Thursday 22 December 2011

RD News 20Dec11


    • Principles 1-13 address supervisory powers, responsibilities and functions, focusing on effective risk-based supervision, and the need for early intervention and timely supervisory actions.
    • Principles 14 to 29 cover supervisory expectations of banks, emphasising the importance of good corporate governance and risk management, as well as compliance with supervisory standards.
    • Key improvements emerging from trends observed in the financial crisis:
      • greater intensity and resources to deal effectively with systemically important banks;
      • importance of applying a system-wide, macro perspective to the microprudential supervision of banks to assist in identifying, analysing and taking pre-emptive action to address systemic risk;
      • increasing focus on effective crisis management, recovery and resolution measures in reducing both the probability and impact of a bank failure.


  • BoE: Instruments of macroprudential policy – discussion paper
    • Three categories of instruments under consideration, those that:
      • affect the balance sheets of financial institutions;
      • affect the terms and conditions of financial transactions;
      • influence market structures.
    • Balance sheet tools include:
      • maximum leverage ratios, countercyclical capital and liquidity buffers, time-varying provisioning practices, and distribution restrictions.
      • Sectoral capital requirements or ‘variable risk weights’ could have a role in targeting emerging risks in particular exposure classes.
    • Tools that influence the terms and conditions of loans and other financial transactions include:
      • ability to restrict the quantity of lending at high loan to value, or high loan to income ratios,
      • power to impose and vary minimum margining requirements or haircuts on secured financing and derivative transactions.
    • Market structure tools include:
      • obligations to conduct financial trading on organised trading platforms and/or to clear trades through central counterparties.
      • Targeted disclosure requirements could be used to enhance resilience by limiting uncertainty about specific exposures or interconnections.
      • Adjusting risk weights on intra-financial system activities could also play a role in limiting excessive exposures building up between financial institutions.

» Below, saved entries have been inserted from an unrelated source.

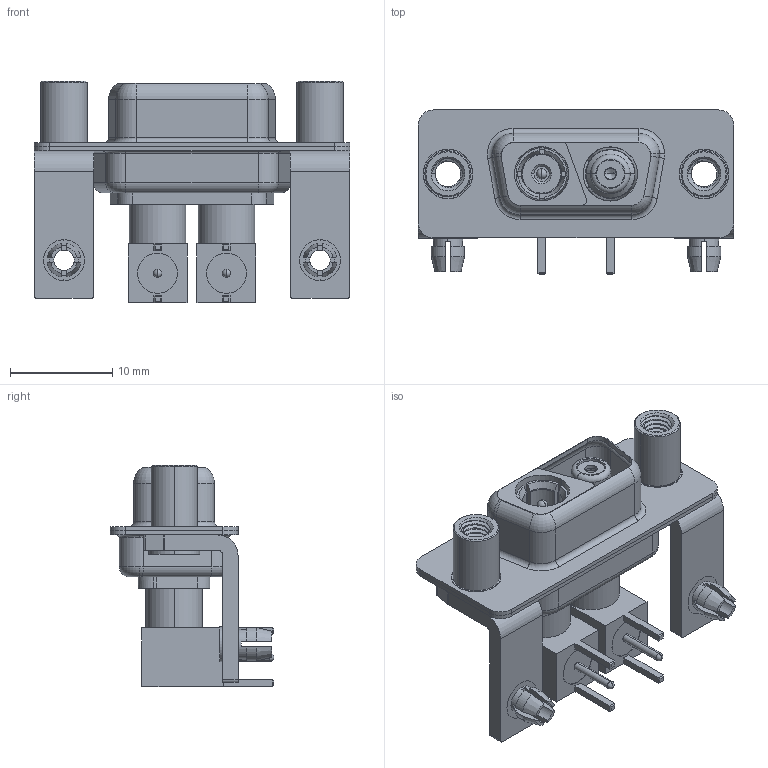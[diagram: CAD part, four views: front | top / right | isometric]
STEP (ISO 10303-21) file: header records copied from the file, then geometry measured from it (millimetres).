
FILE_DESCRIPTION (( 'STEP AP203' ), '1' );
FILE_NAME ('630-2WK2640-7TD.STEP', '2022-05-27T03:55:35', ( '' ), ( '' ), 'SwSTEP 2.0', 'SolidWorks 2020', '' );
FILE_SCHEMA (( 'CONFIG_CONTROL_DESIGN' ));
Length unit declared in the file: millimetre
Products named in the file (19): Pin_RA; Co-Ax Jack_RA PC Tail; 630Combo Shell Rear_09 Contacts; 630Combo Threaded Standoff_D; Insulator Socket; RA Back Shell; Socket_RA; 630Combo Board Lock; Co-Ax Jack Assy_RA; Insulator Socket 2; Co-Ax Plug Assy_RA; Insulator Pin_Straight PC Tail; Locking Collar; Co-Ax Plug_RA PC Tail; 630Combo Housing_2WK2; 630Combo Shell Front_09 Contacts; 630Combo Stabilizer Bracket; Insulator RA Pin; 630-2WK2640-7TD
Assembly tree (24 placements, depth 3):
  630-2WK2640-7TD
    630Combo Housing_2WK2
    630Combo Shell Front_09 Contacts
    630Combo Shell Rear_09 Contacts
    630Combo Stabilizer Bracket  x2
    630Combo Board Lock  x2
    630Combo Threaded Standoff_D  x2
    Co-Ax Plug Assy_RA
      Co-Ax Plug_RA PC Tail
      Insulator Pin_Straight PC Tail
      Pin_RA
      Locking Collar
      RA Back Shell
      Insulator RA Pin
    Co-Ax Jack Assy_RA
      Co-Ax Jack_RA PC Tail
      Insulator Socket
      Insulator Socket 2
      Locking Collar
      Socket_RA
      RA Back Shell
      Insulator RA Pin
Bounding box: 30.8 x 16 x 21.61 mm (x, y, z)
Volume: 2431.3 mm3; surface area: 6702.6 mm2
Topology: 22 solids, 22 shells, 790 faces, 1948 edges, 1231 vertices
Faces by surface type: cylinder 374, plane 261, cone 72, torus 69, bspline 8, sphere 6
Entity records: 22465 total; most frequent: CARTESIAN_POINT 5859, DIRECTION 3219, ORIENTED_EDGE 2914, EDGE_CURVE 1457, AXIS2_PLACEMENT_3D 1294, VERTEX_POINT 925, EDGE_LOOP 684, CIRCLE 664
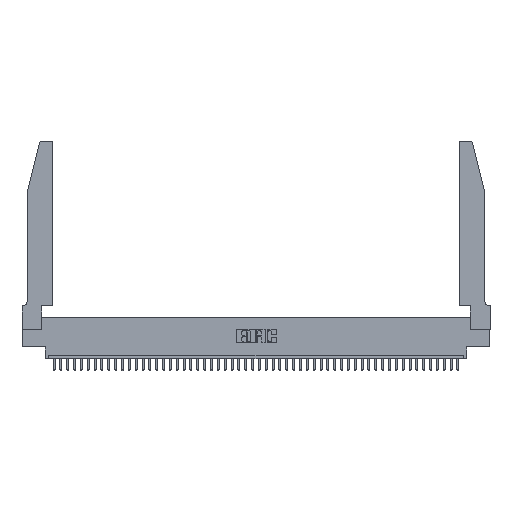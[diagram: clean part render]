
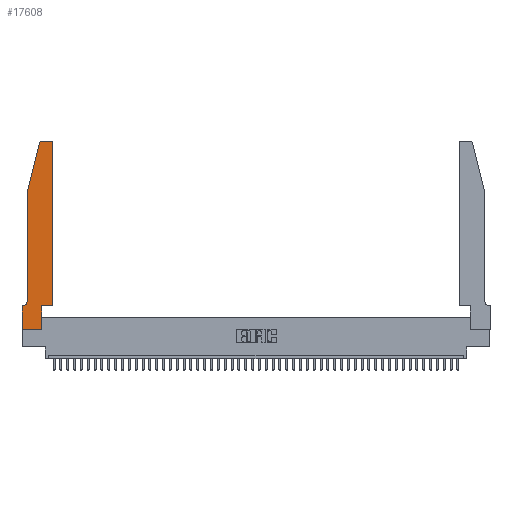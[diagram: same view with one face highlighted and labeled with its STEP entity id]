
A CAD part, top view. The second image highlights one B-rep face of the part: STEP entity #17608.
In plain terms, the highlighted planar face has unit normal (0, 0, 1).
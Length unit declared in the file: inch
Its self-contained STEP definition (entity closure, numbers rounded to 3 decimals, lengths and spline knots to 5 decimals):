
#796 = DIRECTION ( 'NONE',  ( -1., 0., 0. ) ) ;
#1854 = EDGE_CURVE ( 'NONE', #3958, #19040, #8267, .T. ) ;
#1920 = VECTOR ( 'NONE', #33301, 39.37008 ) ;
#2193 = ORIENTED_EDGE ( 'NONE', *, *, #1854, .T. ) ;
#2580 = AXIS2_PLACEMENT_3D ( 'NONE', #46384, #35325, #5504 ) ;
#2740 = DIRECTION ( 'NONE',  ( 0., 0., 1. ) ) ;
#3282 = AXIS2_PLACEMENT_3D ( 'NONE', #24497, #2740, #17591 ) ;
#3696 = CARTESIAN_POINT ( 'NONE',  ( 0.4505, 2.72, 0.37 ) ) ;
#3958 = VERTEX_POINT ( 'NONE', #18969 ) ;
#4555 = CARTESIAN_POINT ( 'NONE',  ( 0.0755, 2., 0.37 ) ) ;
#5211 = DIRECTION ( 'NONE',  ( 1., 0., 0. ) ) ;
#5504 = DIRECTION ( 'NONE',  ( 1., 0., 0. ) ) ;
#5720 = EDGE_CURVE ( 'NONE', #38643, #15057, #46241, .T. ) ;
#5841 = CARTESIAN_POINT ( 'NONE',  ( 0.2865, 0., 0.37 ) ) ;
#7037 = AXIS2_PLACEMENT_3D ( 'NONE', #32216, #13870, #47004 ) ;
#7317 = VECTOR ( 'NONE', #17837, 39.37008 ) ;
#7429 = DIRECTION ( 'NONE',  ( 0., 1., 0. ) ) ;
#8213 = ORIENTED_EDGE ( 'NONE', *, *, #44456, .T. ) ;
#8267 = LINE ( 'NONE', #10928, #1920 ) ;
#8400 = LINE ( 'NONE', #16300, #43541 ) ;
#8529 = EDGE_LOOP ( 'NONE', ( #19194, #29245, #8213, #34890, #30174, #2193, #38964, #18700, #45059, #26383, #11440, #38813 ) ) ;
#8995 = EDGE_CURVE ( 'NONE', #22311, #42083, #8400, .T. ) ;
#9408 = CARTESIAN_POINT ( 'NONE',  ( 0.0755, 2., 0.37 ) ) ;
#9685 = VERTEX_POINT ( 'NONE', #5841 ) ;
#10928 = CARTESIAN_POINT ( 'NONE',  ( 0.0755, 0.35, 0.37 ) ) ;
#11302 = DIRECTION ( 'NONE',  ( -0.239, -0.971, 0. ) ) ;
#11440 = ORIENTED_EDGE ( 'NONE', *, *, #37654, .T. ) ;
#12511 = LINE ( 'NONE', #28490, #7317 ) ;
#12840 = VECTOR ( 'NONE', #42834, 39.37008 ) ;
#13010 = VERTEX_POINT ( 'NONE', #25895 ) ;
#13510 = DIRECTION ( 'NONE',  ( 1., 0., 0. ) ) ;
#13753 = EDGE_CURVE ( 'NONE', #42083, #31272, #33928, .T. ) ;
#13870 = DIRECTION ( 'NONE',  ( 0., 0., -1. ) ) ;
#13898 = VECTOR ( 'NONE', #28652, 39.37008 ) ;
#15057 = VERTEX_POINT ( 'NONE', #15859 ) ;
#15088 = DIRECTION ( 'NONE',  ( 1., 0., 0. ) ) ;
#15477 = LINE ( 'NONE', #24240, #20648 ) ;
#15517 = EDGE_CURVE ( 'NONE', #29585, #20359, #20282, .T. ) ;
#15859 = CARTESIAN_POINT ( 'NONE',  ( 0.4505, 0.35, 0.37 ) ) ;
#16300 = CARTESIAN_POINT ( 'NONE',  ( 0.2605, 2.75, 0.37 ) ) ;
#16350 = LINE ( 'NONE', #43923, #18137 ) ;
#17591 = DIRECTION ( 'NONE',  ( 1., 0., 0. ) ) ;
#17608 = ADVANCED_FACE ( 'NONE', ( #18392 ), #24908, .T. ) ;
#17837 = DIRECTION ( 'NONE',  ( 0., 1., 0. ) ) ;
#17948 = VECTOR ( 'NONE', #11302, 39.37008 ) ;
#18137 = VECTOR ( 'NONE', #7429, 39.37008 ) ;
#18363 = CARTESIAN_POINT ( 'NONE',  ( 0.0755, 0.42, 0.37 ) ) ;
#18392 = FACE_OUTER_BOUND ( 'NONE', #8529, .T. ) ;
#18700 = ORIENTED_EDGE ( 'NONE', *, *, #21808, .T. ) ;
#18969 = CARTESIAN_POINT ( 'NONE',  ( 0.0055, 0.35, 0.37 ) ) ;
#19040 = VERTEX_POINT ( 'NONE', #28020 ) ;
#19194 = ORIENTED_EDGE ( 'NONE', *, *, #8995, .T. ) ;
#20282 = LINE ( 'NONE', #9408, #12840 ) ;
#20359 = VERTEX_POINT ( 'NONE', #18363 ) ;
#20648 = VECTOR ( 'NONE', #5211, 39.37008 ) ;
#21347 = CARTESIAN_POINT ( 'NONE',  ( 0.2865, 0.35, 0.37 ) ) ;
#21808 = EDGE_CURVE ( 'NONE', #13010, #9685, #15477, .T. ) ;
#22004 = CARTESIAN_POINT ( 'NONE',  ( 0.4505, 0.35, 0.37 ) ) ;
#22311 = VERTEX_POINT ( 'NONE', #41716 ) ;
#23304 = VERTEX_POINT ( 'NONE', #3696 ) ;
#24240 = CARTESIAN_POINT ( 'NONE',  ( 0., 0., 0.37 ) ) ;
#24378 = CIRCLE ( 'NONE', #7037, 0.07 ) ;
#24497 = CARTESIAN_POINT ( 'NONE',  ( 0.4205, 2.72, 0.37 ) ) ;
#24908 = PLANE ( 'NONE',  #34875 ) ;
#25783 = CIRCLE ( 'NONE', #3282, 0.03 ) ;
#25895 = CARTESIAN_POINT ( 'NONE',  ( 0., 0., 0.37 ) ) ;
#25985 = LINE ( 'NONE', #29375, #17948 ) ;
#26383 = ORIENTED_EDGE ( 'NONE', *, *, #5720, .T. ) ;
#27004 = CARTESIAN_POINT ( 'NONE',  ( 0.25487, 2.72718, 0.37 ) ) ;
#28020 = CARTESIAN_POINT ( 'NONE',  ( 0., 0.35, 0.37 ) ) ;
#28490 = CARTESIAN_POINT ( 'NONE',  ( 0.2865, 0.35, 0.37 ) ) ;
#28652 = DIRECTION ( 'NONE',  ( 0., -1., 0. ) ) ;
#29245 = ORIENTED_EDGE ( 'NONE', *, *, #13753, .T. ) ;
#29375 = CARTESIAN_POINT ( 'NONE',  ( 0.0755, 2., 0.37 ) ) ;
#29585 = VERTEX_POINT ( 'NONE', #4555 ) ;
#30174 = ORIENTED_EDGE ( 'NONE', *, *, #46888, .T. ) ;
#31272 = VERTEX_POINT ( 'NONE', #27004 ) ;
#32216 = CARTESIAN_POINT ( 'NONE',  ( 0.0055, 0.42, 0.37 ) ) ;
#32307 = EDGE_CURVE ( 'NONE', #9685, #38643, #12511, .T. ) ;
#33301 = DIRECTION ( 'NONE',  ( -1., 0., 0. ) ) ;
#33928 = CIRCLE ( 'NONE', #2580, 0.03 ) ;
#34875 = AXIS2_PLACEMENT_3D ( 'NONE', #43052, #39363, #13510 ) ;
#34890 = ORIENTED_EDGE ( 'NONE', *, *, #15517, .T. ) ;
#35325 = DIRECTION ( 'NONE',  ( 0., 0., 1. ) ) ;
#37654 = EDGE_CURVE ( 'NONE', #15057, #23304, #16350, .T. ) ;
#38643 = VERTEX_POINT ( 'NONE', #21347 ) ;
#38656 = CARTESIAN_POINT ( 'NONE',  ( 0.284, 2.75, 0.37 ) ) ;
#38813 = ORIENTED_EDGE ( 'NONE', *, *, #46251, .T. ) ;
#38964 = ORIENTED_EDGE ( 'NONE', *, *, #40058, .T. ) ;
#39308 = VECTOR ( 'NONE', #15088, 39.37008 ) ;
#39363 = DIRECTION ( 'NONE',  ( 0., 0., 1. ) ) ;
#40058 = EDGE_CURVE ( 'NONE', #19040, #13010, #41975, .T. ) ;
#41716 = CARTESIAN_POINT ( 'NONE',  ( 0.4205, 2.75, 0.37 ) ) ;
#41975 = LINE ( 'NONE', #47256, #13898 ) ;
#42083 = VERTEX_POINT ( 'NONE', #38656 ) ;
#42834 = DIRECTION ( 'NONE',  ( 0., -1., 0. ) ) ;
#43052 = CARTESIAN_POINT ( 'NONE',  ( 0., 0.35, 0.37 ) ) ;
#43541 = VECTOR ( 'NONE', #796, 39.37008 ) ;
#43923 = CARTESIAN_POINT ( 'NONE',  ( 0.4505, 0.35, 0.37 ) ) ;
#44456 = EDGE_CURVE ( 'NONE', #31272, #29585, #25985, .T. ) ;
#45059 = ORIENTED_EDGE ( 'NONE', *, *, #32307, .T. ) ;
#46241 = LINE ( 'NONE', #22004, #39308 ) ;
#46251 = EDGE_CURVE ( 'NONE', #23304, #22311, #25783, .T. ) ;
#46384 = CARTESIAN_POINT ( 'NONE',  ( 0.284, 2.72, 0.37 ) ) ;
#46888 = EDGE_CURVE ( 'NONE', #20359, #3958, #24378, .T. ) ;
#47004 = DIRECTION ( 'NONE',  ( -1., 0., 0. ) ) ;
#47256 = CARTESIAN_POINT ( 'NONE',  ( 0., 0., 0.37 ) ) ;
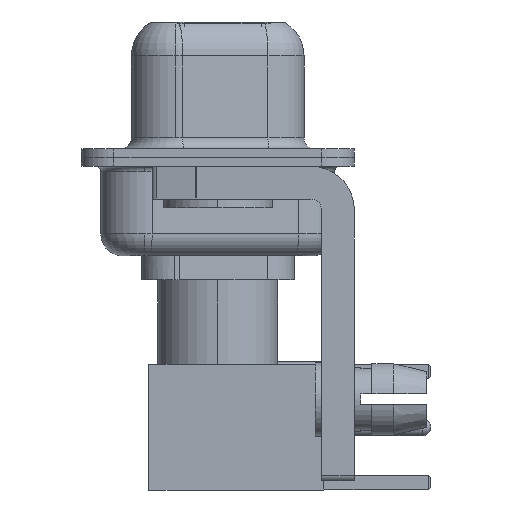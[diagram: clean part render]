
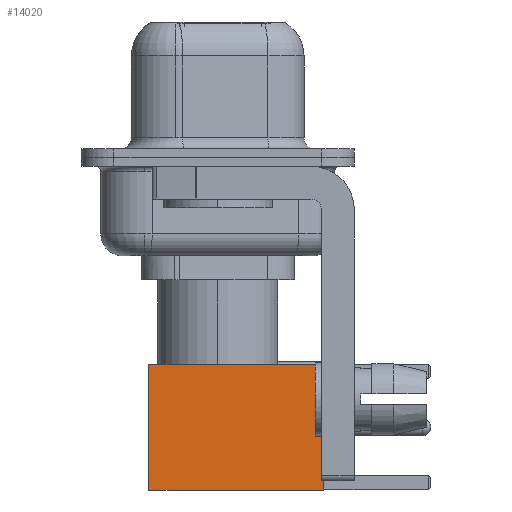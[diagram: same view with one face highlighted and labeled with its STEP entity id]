
A CAD part, left-side view. The second image highlights one B-rep face of the part: STEP entity #14020.
In plain terms, the highlighted face is planar.
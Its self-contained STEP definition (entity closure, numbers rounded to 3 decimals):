
#621 = VERTEX_POINT ( 'NONE', #19028 ) ;
#1263 = ORIENTED_EDGE ( 'NONE', *, *, #19520, .T. ) ;
#1363 = ORIENTED_EDGE ( 'NONE', *, *, #8461, .F. ) ;
#1742 = CARTESIAN_POINT ( 'NONE',  ( -2.875, 2.875, 0. ) ) ;
#2235 = DIRECTION ( 'NONE',  ( 0., 0., -1. ) ) ;
#2245 = VECTOR ( 'NONE', #2235, 1000. ) ;
#3630 = ORIENTED_EDGE ( 'NONE', *, *, #21183, .T. ) ;
#3895 = LINE ( 'NONE', #1742, #2245 ) ;
#4622 = CARTESIAN_POINT ( 'NONE',  ( 0., 2.875, 0. ) ) ;
#5114 = DIRECTION ( 'NONE',  ( 0., 1., 0. ) ) ;
#5263 = AXIS2_PLACEMENT_3D ( 'NONE', #7178, #5114, #11259 ) ;
#5360 = DIRECTION ( 'NONE',  ( -1., 0., 0. ) ) ;
#5402 = ORIENTED_EDGE ( 'NONE', *, *, #9299, .F. ) ;
#5619 = LINE ( 'NONE', #17597, #13688 ) ;
#7178 = CARTESIAN_POINT ( 'NONE',  ( 2.875, 2.875, 0. ) ) ;
#7334 = CARTESIAN_POINT ( 'NONE',  ( 2.875, 2.875, 0. ) ) ;
#7460 = DIRECTION ( 'NONE',  ( 0., 0., -1. ) ) ;
#8461 = EDGE_CURVE ( 'NONE', #8782, #12299, #3895, .T. ) ;
#8782 = VERTEX_POINT ( 'NONE', #12686 ) ;
#9117 = LINE ( 'NONE', #7334, #19248 ) ;
#9299 = EDGE_CURVE ( 'NONE', #621, #8782, #5619, .T. ) ;
#10067 = EDGE_LOOP ( 'NONE', ( #1263, #3630, #1363, #5402 ) ) ;
#11259 = DIRECTION ( 'NONE',  ( 0., 0., 1. ) ) ;
#11514 = VERTEX_POINT ( 'NONE', #12856 ) ;
#12299 = VERTEX_POINT ( 'NONE', #17943 ) ;
#12359 = VECTOR ( 'NONE', #12671, 1000. ) ;
#12671 = DIRECTION ( 'NONE',  ( -1., 0., 0. ) ) ;
#12686 = CARTESIAN_POINT ( 'NONE',  ( -2.875, 2.875, 8. ) ) ;
#12856 = CARTESIAN_POINT ( 'NONE',  ( 2.875, 2.875, 0. ) ) ;
#12927 = PLANE ( 'NONE',  #5263 ) ;
#13688 = VECTOR ( 'NONE', #5360, 1000. ) ;
#14020 = ADVANCED_FACE ( 'NONE', ( #22581 ), #12927, .T. ) ;
#17597 = CARTESIAN_POINT ( 'NONE',  ( 0., 2.875, 8. ) ) ;
#17943 = CARTESIAN_POINT ( 'NONE',  ( -2.875, 2.875, 0. ) ) ;
#19028 = CARTESIAN_POINT ( 'NONE',  ( 2.875, 2.875, 8. ) ) ;
#19248 = VECTOR ( 'NONE', #7460, 1000. ) ;
#19520 = EDGE_CURVE ( 'NONE', #621, #11514, #9117, .T. ) ;
#21183 = EDGE_CURVE ( 'NONE', #11514, #12299, #22078, .T. ) ;
#22078 = LINE ( 'NONE', #4622, #12359 ) ;
#22581 = FACE_OUTER_BOUND ( 'NONE', #10067, .T. ) ;
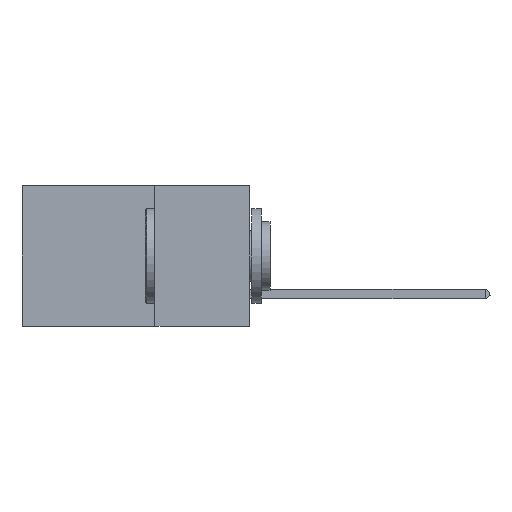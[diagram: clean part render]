
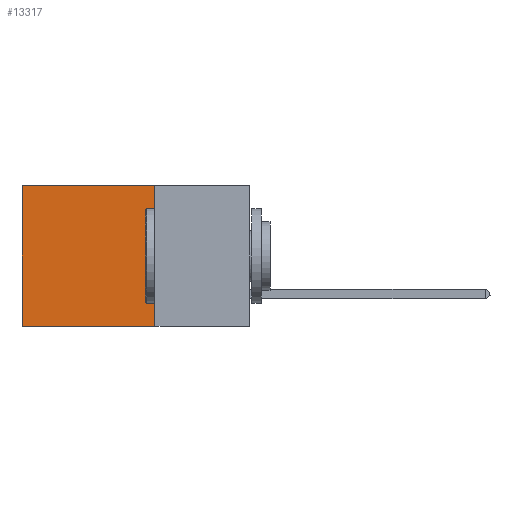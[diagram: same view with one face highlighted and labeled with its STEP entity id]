
A CAD part, left-side view. The second image highlights one B-rep face of the part: STEP entity #13317.
In plain terms, the highlighted planar face has unit normal (-1, 0, 0).
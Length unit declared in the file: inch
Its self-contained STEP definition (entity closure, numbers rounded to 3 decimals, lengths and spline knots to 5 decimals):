
#7 = EDGE_CURVE ( 'NONE', #4845, #25597, #3700, .T. ) ;
#1125 = EDGE_LOOP ( 'NONE', ( #1778, #17055, #16271, #2786 ) ) ;
#1778 = ORIENTED_EDGE ( 'NONE', *, *, #5777, .T. ) ;
#1783 = VECTOR ( 'NONE', #20600, 39.37008 ) ;
#2568 = CARTESIAN_POINT ( 'NONE',  ( 0.2875, 0.6, -0.37 ) ) ;
#2786 = ORIENTED_EDGE ( 'NONE', *, *, #4490, .T. ) ;
#3569 = DIRECTION ( 'NONE',  ( 0., 0., -1. ) ) ;
#3700 = LINE ( 'NONE', #18257, #19139 ) ;
#3926 = VERTEX_POINT ( 'NONE', #15491 ) ;
#4490 = EDGE_CURVE ( 'NONE', #4845, #3926, #5875, .T. ) ;
#4845 = VERTEX_POINT ( 'NONE', #20792 ) ;
#5344 = PLANE ( 'NONE',  #5491 ) ;
#5491 = AXIS2_PLACEMENT_3D ( 'NONE', #26550, #11954, #3569 ) ;
#5777 = EDGE_CURVE ( 'NONE', #3926, #6323, #10411, .T. ) ;
#5875 = LINE ( 'NONE', #27161, #6180 ) ;
#6107 = LINE ( 'NONE', #7941, #1783 ) ;
#6180 = VECTOR ( 'NONE', #10118, 39.37008 ) ;
#6323 = VERTEX_POINT ( 'NONE', #2568 ) ;
#7941 = CARTESIAN_POINT ( 'NONE',  ( 0.2875, 0.25, -0.37 ) ) ;
#8994 = DIRECTION ( 'NONE',  ( 0., 0., -1. ) ) ;
#10118 = DIRECTION ( 'NONE',  ( 0., 1., 0. ) ) ;
#10411 = LINE ( 'NONE', #13173, #27219 ) ;
#10445 = FACE_OUTER_BOUND ( 'NONE', #1125, .T. ) ;
#11954 = DIRECTION ( 'NONE',  ( 1., 0., 0. ) ) ;
#13173 = CARTESIAN_POINT ( 'NONE',  ( 0.2875, 0.6, 0. ) ) ;
#13317 = ADVANCED_FACE ( 'NONE', ( #10445 ), #5344, .F. ) ;
#15491 = CARTESIAN_POINT ( 'NONE',  ( 0.2875, 0.6, 0. ) ) ;
#16163 = DIRECTION ( 'NONE',  ( 0., 0., -1. ) ) ;
#16271 = ORIENTED_EDGE ( 'NONE', *, *, #7, .F. ) ;
#17055 = ORIENTED_EDGE ( 'NONE', *, *, #22449, .F. ) ;
#18257 = CARTESIAN_POINT ( 'NONE',  ( 0.2875, 0.25, 0. ) ) ;
#19139 = VECTOR ( 'NONE', #16163, 39.37008 ) ;
#20600 = DIRECTION ( 'NONE',  ( 0., 1., 0. ) ) ;
#20792 = CARTESIAN_POINT ( 'NONE',  ( 0.2875, 0.25, 0. ) ) ;
#22449 = EDGE_CURVE ( 'NONE', #25597, #6323, #6107, .T. ) ;
#25597 = VERTEX_POINT ( 'NONE', #25920 ) ;
#25920 = CARTESIAN_POINT ( 'NONE',  ( 0.2875, 0.25, -0.37 ) ) ;
#26550 = CARTESIAN_POINT ( 'NONE',  ( 0.2875, 0.25, 0. ) ) ;
#27161 = CARTESIAN_POINT ( 'NONE',  ( 0.2875, 0.25, 0. ) ) ;
#27219 = VECTOR ( 'NONE', #8994, 39.37008 ) ;

  • EBA: Draft ITS on supervisory reporting requirements – consultation paper
    • Aims at implementing uniform reporting requirements which are necessary to ensure fair conditions of competition between comparable groups of credit institutions and investment firms.
    • Reporting requirements developed taking into account the nature, scale and complexity of institutions' activities.
    • Proportionality integral part of ITS with certain reporting requirements being applicable only to institutions using complex approaches to measure own funds requirements or to institutions that have significant risk exposures.


  • FT: Tobin tax costs ‘would fall on investors’
    • Ultra-conservative money market funds would be hardest hit by an FTT.
    • Might also accelerate the ongoing shift from active to passive investment.
    • Securities trading could increasingly switch from the cash to the derivatives market.